→ What to do
Only these lines of the data below are wanted: the one with "#180=VERTEX_POINT('',#179);", the one with "#192=EDGE_LOOP('',(#191));", and any lines between them, each repeated exactly.

→ Source data
▽

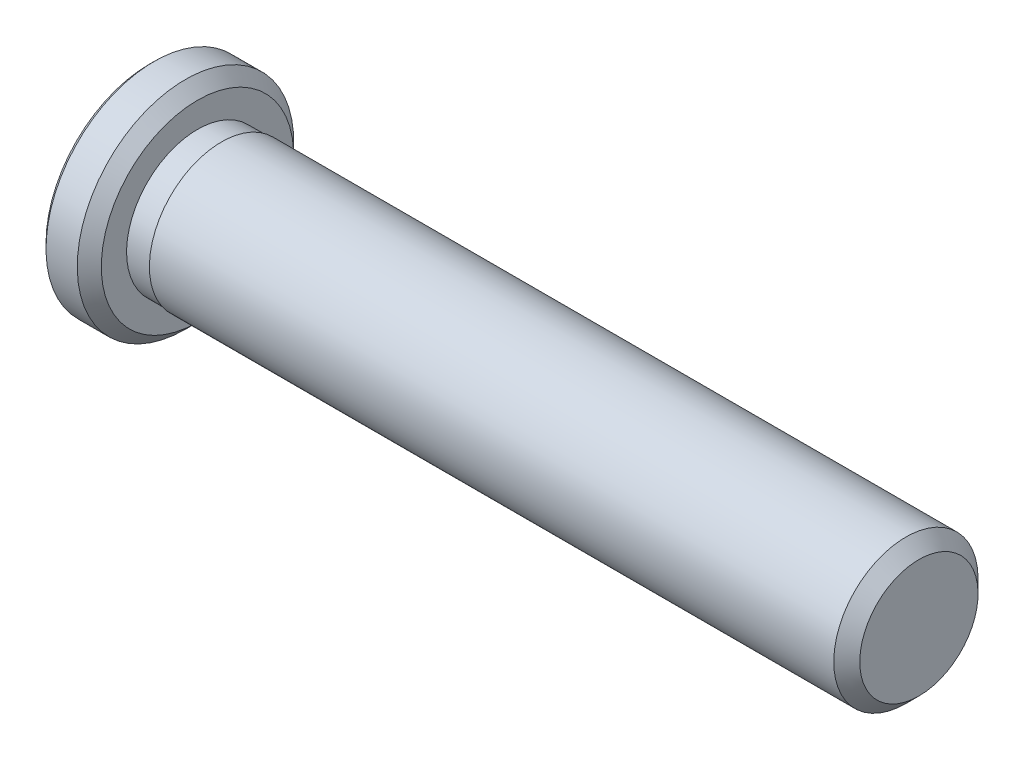
ISO-10303-21;
HEADER;
FILE_DESCRIPTION(('STEP AP214'),'2;1');
FILE_NAME('part.step','',(''),(''),'','','');
FILE_SCHEMA(('AUTOMOTIVE_DESIGN { 1 0 10303 214 1 1 1 1 }'));
ENDSEC;
DATA;
#1=APPLICATION_CONTEXT('core data for automotive mechanical design processes');
#2=APPLICATION_PROTOCOL_DEFINITION('international standard','automotive_design',2000,#1);
#3=PRODUCT_CONTEXT('',#1,'mechanical');
#4=PRODUCT('Part','Part','',(#3));
#5=PRODUCT_RELATED_PRODUCT_CATEGORY('part','',(#4));
#6=PRODUCT_DEFINITION_FORMATION('','',#4);
#7=PRODUCT_DEFINITION_CONTEXT('part definition',#1,'design');
#8=PRODUCT_DEFINITION('design','',#6,#7);
#9=PRODUCT_DEFINITION_SHAPE('','',#8);
#10=(LENGTH_UNIT() NAMED_UNIT(*) SI_UNIT(.MILLI.,.METRE.));
#11=(NAMED_UNIT(*) PLANE_ANGLE_UNIT() SI_UNIT($,.RADIAN.));
#12=(NAMED_UNIT(*) SI_UNIT($,.STERADIAN.) SOLID_ANGLE_UNIT());
#13=UNCERTAINTY_MEASURE_WITH_UNIT(LENGTH_MEASURE(1.E-05),#10,'distance_accuracy_value','');
#14=(GEOMETRIC_REPRESENTATION_CONTEXT(3) GLOBAL_UNCERTAINTY_ASSIGNED_CONTEXT((#13)) GLOBAL_UNIT_ASSIGNED_CONTEXT((#10,
#11,#12)) REPRESENTATION_CONTEXT('',''));
#15=CARTESIAN_POINT('',(0.,0.,0.));
#16=DIRECTION('',(0.,0.,1.));
#17=DIRECTION('',(1.,0.,0.));
#18=AXIS2_PLACEMENT_3D('',#15,#16,#17);
#19=CARTESIAN_POINT('',(-2.,0.,0.));
#20=DIRECTION('',(1.,0.,0.));
#21=DIRECTION('',(0.,1.,0.));
#22=AXIS2_PLACEMENT_3D('',#19,#20,#21);
#23=PLANE('',#22);
#24=DIRECTION('',(0.,0.,1.));
#25=VECTOR('',#24,1.);
#26=CARTESIAN_POINT('',(-2.,-1.5,-0.86602540378444));
#27=LINE('',#26,#25);
#28=CARTESIAN_POINT('',(-2.,-1.5,-0.86602540378444));
#29=VERTEX_POINT('',#28);
#30=CARTESIAN_POINT('',(-2.,-1.5,0.86602540378444));
#31=VERTEX_POINT('',#30);
#32=EDGE_CURVE('E105',#29,#31,#27,.T.);
#33=ORIENTED_EDGE('',*,*,#32,.F.);
#34=DIRECTION('',(0.,-0.866025403784433,0.500000000000009));
#35=VECTOR('',#34,1.);
#36=CARTESIAN_POINT('',(-2.,0.,-1.7320508075689));
#37=LINE('',#36,#35);
#38=CARTESIAN_POINT('',(-2.,0.,-1.7320508075689));
#39=VERTEX_POINT('',#38);
#40=EDGE_CURVE('E31',#39,#29,#37,.T.);
#41=ORIENTED_EDGE('',*,*,#40,.F.);
#42=DIRECTION('',(0.,-0.866025403784433,-0.500000000000009));
#43=VECTOR('',#42,1.);
#44=CARTESIAN_POINT('',(-2.,1.5,-0.86602540378444));
#45=LINE('',#44,#43);
#46=CARTESIAN_POINT('',(-2.,1.5,-0.86602540378444));
#47=VERTEX_POINT('',#46);
#48=EDGE_CURVE('E114',#47,#39,#45,.T.);
#49=ORIENTED_EDGE('',*,*,#48,.F.);
#50=DIRECTION('',(0.,0.,-1.));
#51=VECTOR('',#50,1.);
#52=CARTESIAN_POINT('',(-2.,1.5,0.86602540378444));
#53=LINE('',#52,#51);
#54=CARTESIAN_POINT('',(-2.,1.5,0.86602540378444));
#55=VERTEX_POINT('',#54);
#56=EDGE_CURVE('E112',#55,#47,#53,.T.);
#57=ORIENTED_EDGE('',*,*,#56,.F.);
#58=DIRECTION('',(0.,0.866025403784433,-0.500000000000009));
#59=VECTOR('',#58,1.);
#60=CARTESIAN_POINT('',(-2.,0.,1.7320508075689));
#61=LINE('',#60,#59);
#62=CARTESIAN_POINT('',(-2.,0.,1.7320508075689));
#63=VERTEX_POINT('',#62);
#64=EDGE_CURVE('E79',#63,#55,#61,.T.);
#65=ORIENTED_EDGE('',*,*,#64,.F.);
#66=DIRECTION('',(0.,0.866025403784433,0.500000000000009));
#67=VECTOR('',#66,1.);
#68=CARTESIAN_POINT('',(-2.,-1.5,0.86602540378444));
#69=LINE('',#68,#67);
#70=EDGE_CURVE('E108',#31,#63,#69,.T.);
#71=ORIENTED_EDGE('',*,*,#70,.F.);
#72=EDGE_LOOP('',(#33,#41,#49,#57,#65,#71));
#73=FACE_BOUND('',#72,.T.);
#74=CARTESIAN_POINT('',(-2.,0.,0.));
#75=DIRECTION('',(-1.,0.,0.));
#76=DIRECTION('',(0.,-1.,0.));
#77=AXIS2_PLACEMENT_3D('',#74,#75,#76);
#78=CIRCLE('',#77,4.3);
#79=CARTESIAN_POINT('',(-2.,-4.3,0.));
#80=VERTEX_POINT('',#79);
#81=EDGE_CURVE('E11',#80,#80,#78,.T.);
#82=ORIENTED_EDGE('',*,*,#81,.T.);
#83=EDGE_LOOP('',(#82));
#84=FACE_BOUND('',#83,.T.);
#85=ADVANCED_FACE('F17',(#73,#84),#23,.F.);
#86=CARTESIAN_POINT('',(-1.8,0.,0.));
#87=DIRECTION('',(1.,0.,0.));
#88=DIRECTION('',(0.,1.,0.));
#89=AXIS2_PLACEMENT_3D('',#86,#87,#88);
#90=CONICAL_SURFACE('',#89,4.5,0.78539816339745);
#91=ORIENTED_EDGE('',*,*,#81,.F.);
#92=EDGE_LOOP('',(#91));
#93=FACE_BOUND('',#92,.T.);
#94=CARTESIAN_POINT('',(-1.8,0.,0.));
#95=DIRECTION('',(-1.,0.,0.));
#96=DIRECTION('',(0.,-1.,0.));
#97=AXIS2_PLACEMENT_3D('',#94,#95,#96);
#98=CIRCLE('',#97,4.5);
#99=CARTESIAN_POINT('',(-1.8,-4.5,0.));
#100=VERTEX_POINT('',#99);
#101=EDGE_CURVE('E24',#100,#100,#98,.T.);
#102=ORIENTED_EDGE('',*,*,#101,.T.);
#103=EDGE_LOOP('',(#102));
#104=FACE_BOUND('',#103,.T.);
#105=ADVANCED_FACE('F146',(#93,#104),#90,.T.);
#106=CARTESIAN_POINT('',(30.,0.,0.));
#107=DIRECTION('',(-1.,0.,0.));
#108=DIRECTION('',(0.,-1.,0.));
#109=AXIS2_PLACEMENT_3D('',#106,#107,#108);
#110=CYLINDRICAL_SURFACE('',#109,4.5);
#111=ORIENTED_EDGE('',*,*,#101,.F.);
#112=EDGE_LOOP('',(#111));
#113=FACE_BOUND('',#112,.T.);
#114=CARTESIAN_POINT('',(-0.5,0.,0.));
#115=DIRECTION('',(-1.,0.,0.));
#116=DIRECTION('',(0.,-1.,0.));
#117=AXIS2_PLACEMENT_3D('',#114,#115,#116);
#118=CIRCLE('',#117,4.5);
#119=CARTESIAN_POINT('',(-0.5,-4.5,0.));
#120=VERTEX_POINT('',#119);
#121=EDGE_CURVE('E141',#120,#120,#118,.T.);
#122=ORIENTED_EDGE('',*,*,#121,.T.);
#123=EDGE_LOOP('',(#122));
#124=FACE_BOUND('',#123,.T.);
#125=ADVANCED_FACE('F148',(#113,#124),#110,.T.);
#126=CARTESIAN_POINT('',(0.,0.,0.));
#127=DIRECTION('',(-1.,0.,0.));
#128=DIRECTION('',(0.,-1.,0.));
#129=AXIS2_PLACEMENT_3D('',#126,#127,#128);
#130=CONICAL_SURFACE('',#129,4.,0.785398163397448);
#131=ORIENTED_EDGE('',*,*,#121,.F.);
#132=EDGE_LOOP('',(#131));
#133=FACE_BOUND('',#132,.T.);
#134=CARTESIAN_POINT('',(0.,0.,0.));
#135=DIRECTION('',(-1.,0.,0.));
#136=DIRECTION('',(0.,-1.,0.));
#137=AXIS2_PLACEMENT_3D('',#134,#135,#136);
#138=CIRCLE('',#137,4.);
#139=CARTESIAN_POINT('',(0.,-4.,0.));
#140=VERTEX_POINT('',#139);
#141=EDGE_CURVE('E138',#140,#140,#138,.T.);
#142=ORIENTED_EDGE('',*,*,#141,.T.);
#143=EDGE_LOOP('',(#142));
#144=FACE_BOUND('',#143,.T.);
#145=ADVANCED_FACE('F151',(#133,#144),#130,.T.);
#146=CARTESIAN_POINT('',(0.,4.,0.));
#147=DIRECTION('',(-1.,0.,0.));
#148=DIRECTION('',(0.,-1.,0.));
#149=AXIS2_PLACEMENT_3D('',#146,#147,#148);
#150=PLANE('',#149);
#151=ORIENTED_EDGE('',*,*,#141,.F.);
#152=EDGE_LOOP('',(#151));
#153=FACE_BOUND('',#152,.T.);
#154=CARTESIAN_POINT('',(0.,0.,0.));
#155=DIRECTION('',(-1.,0.,0.));
#156=DIRECTION('',(0.,-1.,0.));
#157=AXIS2_PLACEMENT_3D('',#154,#155,#156);
#158=CIRCLE('',#157,2.95);
#159=CARTESIAN_POINT('',(0.,-2.95,0.));
#160=VERTEX_POINT('',#159);
#161=EDGE_CURVE('E135',#160,#160,#158,.T.);
#162=ORIENTED_EDGE('',*,*,#161,.T.);
#163=EDGE_LOOP('',(#162));
#164=FACE_BOUND('',#163,.T.);
#165=ADVANCED_FACE('F157',(#153,#164),#150,.F.);
#166=CARTESIAN_POINT('',(30.,0.,0.));
#167=DIRECTION('',(-1.,0.,0.));
#168=DIRECTION('',(0.,-1.,0.));
#169=AXIS2_PLACEMENT_3D('',#166,#167,#168);
#170=CYLINDRICAL_SURFACE('',#169,2.95);
#171=ORIENTED_EDGE('',*,*,#161,.F.);
#172=EDGE_LOOP('',(#171));
#173=FACE_BOUND('',#172,.T.);
#174=CARTESIAN_POINT('',(1.,0.,0.));
#175=DIRECTION('',(-1.,0.,0.));
#176=DIRECTION('',(0.,-1.,0.));
#177=AXIS2_PLACEMENT_3D('',#174,#175,#176);
#178=CIRCLE('',#177,2.95);
#179=CARTESIAN_POINT('',(1.,-2.95,0.));
#180=VERTEX_POINT('',#179);
#181=EDGE_CURVE('E132',#180,#180,#178,.T.);
#182=ORIENTED_EDGE('',*,*,#181,.T.);
#183=EDGE_LOOP('',(#182));
#184=FACE_BOUND('',#183,.T.);
#185=ADVANCED_FACE('F163',(#173,#184),#170,.T.);
#186=CARTESIAN_POINT('',(1.,2.95,0.));
#187=DIRECTION('',(1.,0.,0.));
#188=DIRECTION('',(0.,1.,0.));
#189=AXIS2_PLACEMENT_3D('',#186,#187,#188);
#190=PLANE('',#189);
#191=ORIENTED_EDGE('',*,*,#181,.F.);
#192=EDGE_LOOP('',(#191));
#193=FACE_BOUND('',#192,.T.);
#194=CARTESIAN_POINT('',(1.,0.,0.));
#195=DIRECTION('',(-1.,0.,0.));
#196=DIRECTION('',(0.,-1.,0.));
#197=AXIS2_PLACEMENT_3D('',#194,#195,#196);
#198=CIRCLE('',#197,3.);
#199=CARTESIAN_POINT('',(1.,-3.,0.));
#200=VERTEX_POINT('',#199);
#201=EDGE_CURVE('E129',#200,#200,#198,.T.);
#202=ORIENTED_EDGE('',*,*,#201,.T.);
#203=EDGE_LOOP('',(#202));
#204=FACE_BOUND('',#203,.T.);
#205=ADVANCED_FACE('F169',(#193,#204),#190,.F.);
#206=CARTESIAN_POINT('',(30.,0.,0.));
#207=DIRECTION('',(-1.,0.,0.));
#208=DIRECTION('',(0.,-1.,0.));
#209=AXIS2_PLACEMENT_3D('',#206,#207,#208);
#210=CYLINDRICAL_SURFACE('',#209,3.);
#211=ORIENTED_EDGE('',*,*,#201,.F.);
#212=EDGE_LOOP('',(#211));
#213=FACE_BOUND('',#212,.T.);
#214=CARTESIAN_POINT('',(29.4585,0.,0.));
#215=DIRECTION('',(-1.,0.,0.));
#216=DIRECTION('',(0.,-1.,0.));
#217=AXIS2_PLACEMENT_3D('',#214,#215,#216);
#218=CIRCLE('',#217,3.);
#219=CARTESIAN_POINT('',(29.4585,-3.,0.));
#220=VERTEX_POINT('',#219);
#221=EDGE_CURVE('E126',#220,#220,#218,.T.);
#222=ORIENTED_EDGE('',*,*,#221,.T.);
#223=EDGE_LOOP('',(#222));
#224=FACE_BOUND('',#223,.T.);
#225=ADVANCED_FACE('F175',(#213,#224),#210,.T.);
#226=CARTESIAN_POINT('',(30.,0.,0.));
#227=DIRECTION('',(-1.,0.,0.));
#228=DIRECTION('',(0.,-1.,0.));
#229=AXIS2_PLACEMENT_3D('',#226,#227,#228);
#230=CONICAL_SURFACE('',#229,2.4585,0.785398163397448);
#231=ORIENTED_EDGE('',*,*,#221,.F.);
#232=EDGE_LOOP('',(#231));
#233=FACE_BOUND('',#232,.T.);
#234=CARTESIAN_POINT('',(30.,0.,0.));
#235=DIRECTION('',(-1.,0.,0.));
#236=DIRECTION('',(0.,-1.,0.));
#237=AXIS2_PLACEMENT_3D('',#234,#235,#236);
#238=CIRCLE('',#237,2.4585);
#239=CARTESIAN_POINT('',(30.,-2.4585,0.));
#240=VERTEX_POINT('',#239);
#241=EDGE_CURVE('E118',#240,#240,#238,.T.);
#242=ORIENTED_EDGE('',*,*,#241,.T.);
#243=EDGE_LOOP('',(#242));
#244=FACE_BOUND('',#243,.T.);
#245=ADVANCED_FACE('F181',(#233,#244),#230,.T.);
#246=CARTESIAN_POINT('',(30.,2.4585,0.));
#247=DIRECTION('',(-1.,0.,0.));
#248=DIRECTION('',(0.,-1.,0.));
#249=AXIS2_PLACEMENT_3D('',#246,#247,#248);
#250=PLANE('',#249);
#251=ORIENTED_EDGE('',*,*,#241,.F.);
#252=EDGE_LOOP('',(#251));
#253=FACE_BOUND('',#252,.T.);
#254=ADVANCED_FACE('F187',(#253),#250,.F.);
#255=CARTESIAN_POINT('',(-0.6,0.,-1.7320508075689));
#256=DIRECTION('',(0.,-0.500000000000009,-0.866025403784433));
#257=DIRECTION('',(0.,0.866025403784433,-0.500000000000009));
#258=AXIS2_PLACEMENT_3D('',#255,#256,#257);
#259=PLANE('',#258);
#260=ORIENTED_EDGE('',*,*,#40,.T.);
#261=DIRECTION('',(-1.,0.,0.));
#262=VECTOR('',#261,1.);
#263=CARTESIAN_POINT('',(-0.6,-1.5,-0.86602540378444));
#264=LINE('',#263,#262);
#265=CARTESIAN_POINT('',(-0.6,-1.5,-0.86602540378444));
#266=VERTEX_POINT('',#265);
#267=EDGE_CURVE('E61',#266,#29,#264,.T.);
#268=ORIENTED_EDGE('',*,*,#267,.F.);
#269=DIRECTION('',(0.,-0.866025403784433,0.500000000000009));
#270=VECTOR('',#269,1.);
#271=CARTESIAN_POINT('',(-0.6,0.,-1.7320508075689));
#272=LINE('',#271,#270);
#273=CARTESIAN_POINT('',(-0.6,0.,-1.7320508075689));
#274=VERTEX_POINT('',#273);
#275=EDGE_CURVE('E116',#274,#266,#272,.T.);
#276=ORIENTED_EDGE('',*,*,#275,.F.);
#277=DIRECTION('',(-1.,0.,0.));
#278=VECTOR('',#277,1.);
#279=CARTESIAN_POINT('',(-0.6,0.,-1.7320508075689));
#280=LINE('',#279,#278);
#281=EDGE_CURVE('E39',#274,#39,#280,.T.);
#282=ORIENTED_EDGE('',*,*,#281,.T.);
#283=EDGE_LOOP('',(#260,#268,#276,#282));
#284=FACE_BOUND('',#283,.T.);
#285=ADVANCED_FACE('F192',(#284),#259,.F.);
#286=CARTESIAN_POINT('',(-0.6,1.5,-0.86602540378444));
#287=DIRECTION('',(0.,0.500000000000009,-0.866025403784433));
#288=DIRECTION('',(0.,0.866025403784433,0.500000000000009));
#289=AXIS2_PLACEMENT_3D('',#286,#287,#288);
#290=PLANE('',#289);
#291=ORIENTED_EDGE('',*,*,#48,.T.);
#292=ORIENTED_EDGE('',*,*,#281,.F.);
#293=DIRECTION('',(0.,-0.866025403784433,-0.500000000000009));
#294=VECTOR('',#293,1.);
#295=CARTESIAN_POINT('',(-0.6,1.5,-0.86602540378444));
#296=LINE('',#295,#294);
#297=CARTESIAN_POINT('',(-0.6,1.5,-0.86602540378444));
#298=VERTEX_POINT('',#297);
#299=EDGE_CURVE('E91',#298,#274,#296,.T.);
#300=ORIENTED_EDGE('',*,*,#299,.F.);
#301=DIRECTION('',(-1.,0.,0.));
#302=VECTOR('',#301,1.);
#303=CARTESIAN_POINT('',(-0.6,1.5,-0.86602540378444));
#304=LINE('',#303,#302);
#305=EDGE_CURVE('E83',#298,#47,#304,.T.);
#306=ORIENTED_EDGE('',*,*,#305,.T.);
#307=EDGE_LOOP('',(#291,#292,#300,#306));
#308=FACE_BOUND('',#307,.T.);
#309=ADVANCED_FACE('F199',(#308),#290,.F.);
#310=CARTESIAN_POINT('',(-0.6,1.5,0.86602540378444));
#311=DIRECTION('',(0.,1.,0.));
#312=DIRECTION('',(0.,0.,1.));
#313=AXIS2_PLACEMENT_3D('',#310,#311,#312);
#314=PLANE('',#313);
#315=ORIENTED_EDGE('',*,*,#56,.T.);
#316=ORIENTED_EDGE('',*,*,#305,.F.);
#317=DIRECTION('',(0.,0.,-1.));
#318=VECTOR('',#317,1.);
#319=CARTESIAN_POINT('',(-0.6,1.5,0.86602540378444));
#320=LINE('',#319,#318);
#321=CARTESIAN_POINT('',(-0.6,1.5,0.86602540378444));
#322=VERTEX_POINT('',#321);
#323=EDGE_CURVE('E87',#322,#298,#320,.T.);
#324=ORIENTED_EDGE('',*,*,#323,.F.);
#325=DIRECTION('',(-1.,0.,0.));
#326=VECTOR('',#325,1.);
#327=CARTESIAN_POINT('',(-0.6,1.5,0.86602540378444));
#328=LINE('',#327,#326);
#329=EDGE_CURVE('E72',#322,#55,#328,.T.);
#330=ORIENTED_EDGE('',*,*,#329,.T.);
#331=EDGE_LOOP('',(#315,#316,#324,#330));
#332=FACE_BOUND('',#331,.T.);
#333=ADVANCED_FACE('F88',(#332),#314,.F.);
#334=CARTESIAN_POINT('',(-0.6,0.,1.7320508075689));
#335=DIRECTION('',(0.,0.500000000000009,0.866025403784433));
#336=DIRECTION('',(0.,-0.866025403784433,0.500000000000009));
#337=AXIS2_PLACEMENT_3D('',#334,#335,#336);
#338=PLANE('',#337);
#339=ORIENTED_EDGE('',*,*,#64,.T.);
#340=ORIENTED_EDGE('',*,*,#329,.F.);
#341=DIRECTION('',(0.,0.866025403784433,-0.500000000000009));
#342=VECTOR('',#341,1.);
#343=CARTESIAN_POINT('',(-0.6,0.,1.7320508075689));
#344=LINE('',#343,#342);
#345=CARTESIAN_POINT('',(-0.6,0.,1.7320508075689));
#346=VERTEX_POINT('',#345);
#347=EDGE_CURVE('E76',#346,#322,#344,.T.);
#348=ORIENTED_EDGE('',*,*,#347,.F.);
#349=DIRECTION('',(-1.,0.,0.));
#350=VECTOR('',#349,1.);
#351=CARTESIAN_POINT('',(-0.6,0.,1.7320508075689));
#352=LINE('',#351,#350);
#353=EDGE_CURVE('E84',#346,#63,#352,.T.);
#354=ORIENTED_EDGE('',*,*,#353,.T.);
#355=EDGE_LOOP('',(#339,#340,#348,#354));
#356=FACE_BOUND('',#355,.T.);
#357=ADVANCED_FACE('F74',(#356),#338,.F.);
#358=CARTESIAN_POINT('',(-0.6,-1.5,0.86602540378444));
#359=DIRECTION('',(0.,-0.500000000000009,0.866025403784433));
#360=DIRECTION('',(0.,-0.866025403784433,-0.500000000000009));
#361=AXIS2_PLACEMENT_3D('',#358,#359,#360);
#362=PLANE('',#361);
#363=ORIENTED_EDGE('',*,*,#70,.T.);
#364=ORIENTED_EDGE('',*,*,#353,.F.);
#365=DIRECTION('',(0.,0.866025403784433,0.500000000000009));
#366=VECTOR('',#365,1.);
#367=CARTESIAN_POINT('',(-0.6,-1.5,0.86602540378444));
#368=LINE('',#367,#366);
#369=CARTESIAN_POINT('',(-0.6,-1.5,0.86602540378444));
#370=VERTEX_POINT('',#369);
#371=EDGE_CURVE('E97',#370,#346,#368,.T.);
#372=ORIENTED_EDGE('',*,*,#371,.F.);
#373=DIRECTION('',(-1.,0.,0.));
#374=VECTOR('',#373,1.);
#375=CARTESIAN_POINT('',(-0.6,-1.5,0.86602540378444));
#376=LINE('',#375,#374);
#377=EDGE_CURVE('E121',#370,#31,#376,.T.);
#378=ORIENTED_EDGE('',*,*,#377,.T.);
#379=EDGE_LOOP('',(#363,#364,#372,#378));
#380=FACE_BOUND('',#379,.T.);
#381=ADVANCED_FACE('F227',(#380),#362,.F.);
#382=CARTESIAN_POINT('',(-0.6,-1.5,-0.86602540378444));
#383=DIRECTION('',(0.,-1.,0.));
#384=DIRECTION('',(0.,0.,-1.));
#385=AXIS2_PLACEMENT_3D('',#382,#383,#384);
#386=PLANE('',#385);
#387=ORIENTED_EDGE('',*,*,#32,.T.);
#388=ORIENTED_EDGE('',*,*,#377,.F.);
#389=DIRECTION('',(0.,0.,1.));
#390=VECTOR('',#389,1.);
#391=CARTESIAN_POINT('',(-0.6,-1.5,-0.86602540378444));
#392=LINE('',#391,#390);
#393=EDGE_CURVE('E99',#266,#370,#392,.T.);
#394=ORIENTED_EDGE('',*,*,#393,.F.);
#395=ORIENTED_EDGE('',*,*,#267,.T.);
#396=EDGE_LOOP('',(#387,#388,#394,#395));
#397=FACE_BOUND('',#396,.T.);
#398=ADVANCED_FACE('F214',(#397),#386,.F.);
#399=CARTESIAN_POINT('',(-0.6,-1.5,-0.86602540378444));
#400=DIRECTION('',(-1.,0.,0.));
#401=DIRECTION('',(0.,0.,1.));
#402=AXIS2_PLACEMENT_3D('',#399,#400,#401);
#403=PLANE('',#402);
#404=ORIENTED_EDGE('',*,*,#275,.T.);
#405=ORIENTED_EDGE('',*,*,#393,.T.);
#406=ORIENTED_EDGE('',*,*,#371,.T.);
#407=ORIENTED_EDGE('',*,*,#347,.T.);
#408=ORIENTED_EDGE('',*,*,#323,.T.);
#409=ORIENTED_EDGE('',*,*,#299,.T.);
#410=EDGE_LOOP('',(#404,#405,#406,#407,#408,#409));
#411=FACE_BOUND('',#410,.T.);
#412=ADVANCED_FACE('F94',(#411),#403,.T.);
#413=CLOSED_SHELL('',(#85,#105,#125,#145,#165,#185,#205,#225,#245,#254,#285,#309,#333,#357,#381,
#398,#412));
#414=MANIFOLD_SOLID_BREP('B1',#413);
#415=ADVANCED_BREP_SHAPE_REPRESENTATION('',(#18,#414),#14);
#416=SHAPE_DEFINITION_REPRESENTATION(#9,#415);
ENDSEC;
END-ISO-10303-21;

△

→ Exercise result
#180=VERTEX_POINT('',#179);
#181=EDGE_CURVE('E132',#180,#180,#178,.T.);
#182=ORIENTED_EDGE('',*,*,#181,.T.);
#183=EDGE_LOOP('',(#182));
#184=FACE_BOUND('',#183,.T.);
#185=ADVANCED_FACE('F163',(#173,#184),#170,.T.);
#186=CARTESIAN_POINT('',(1.,2.95,0.));
#187=DIRECTION('',(1.,0.,0.));
#188=DIRECTION('',(0.,1.,0.));
#189=AXIS2_PLACEMENT_3D('',#186,#187,#188);
#190=PLANE('',#189);
#191=ORIENTED_EDGE('',*,*,#181,.F.);
#192=EDGE_LOOP('',(#191));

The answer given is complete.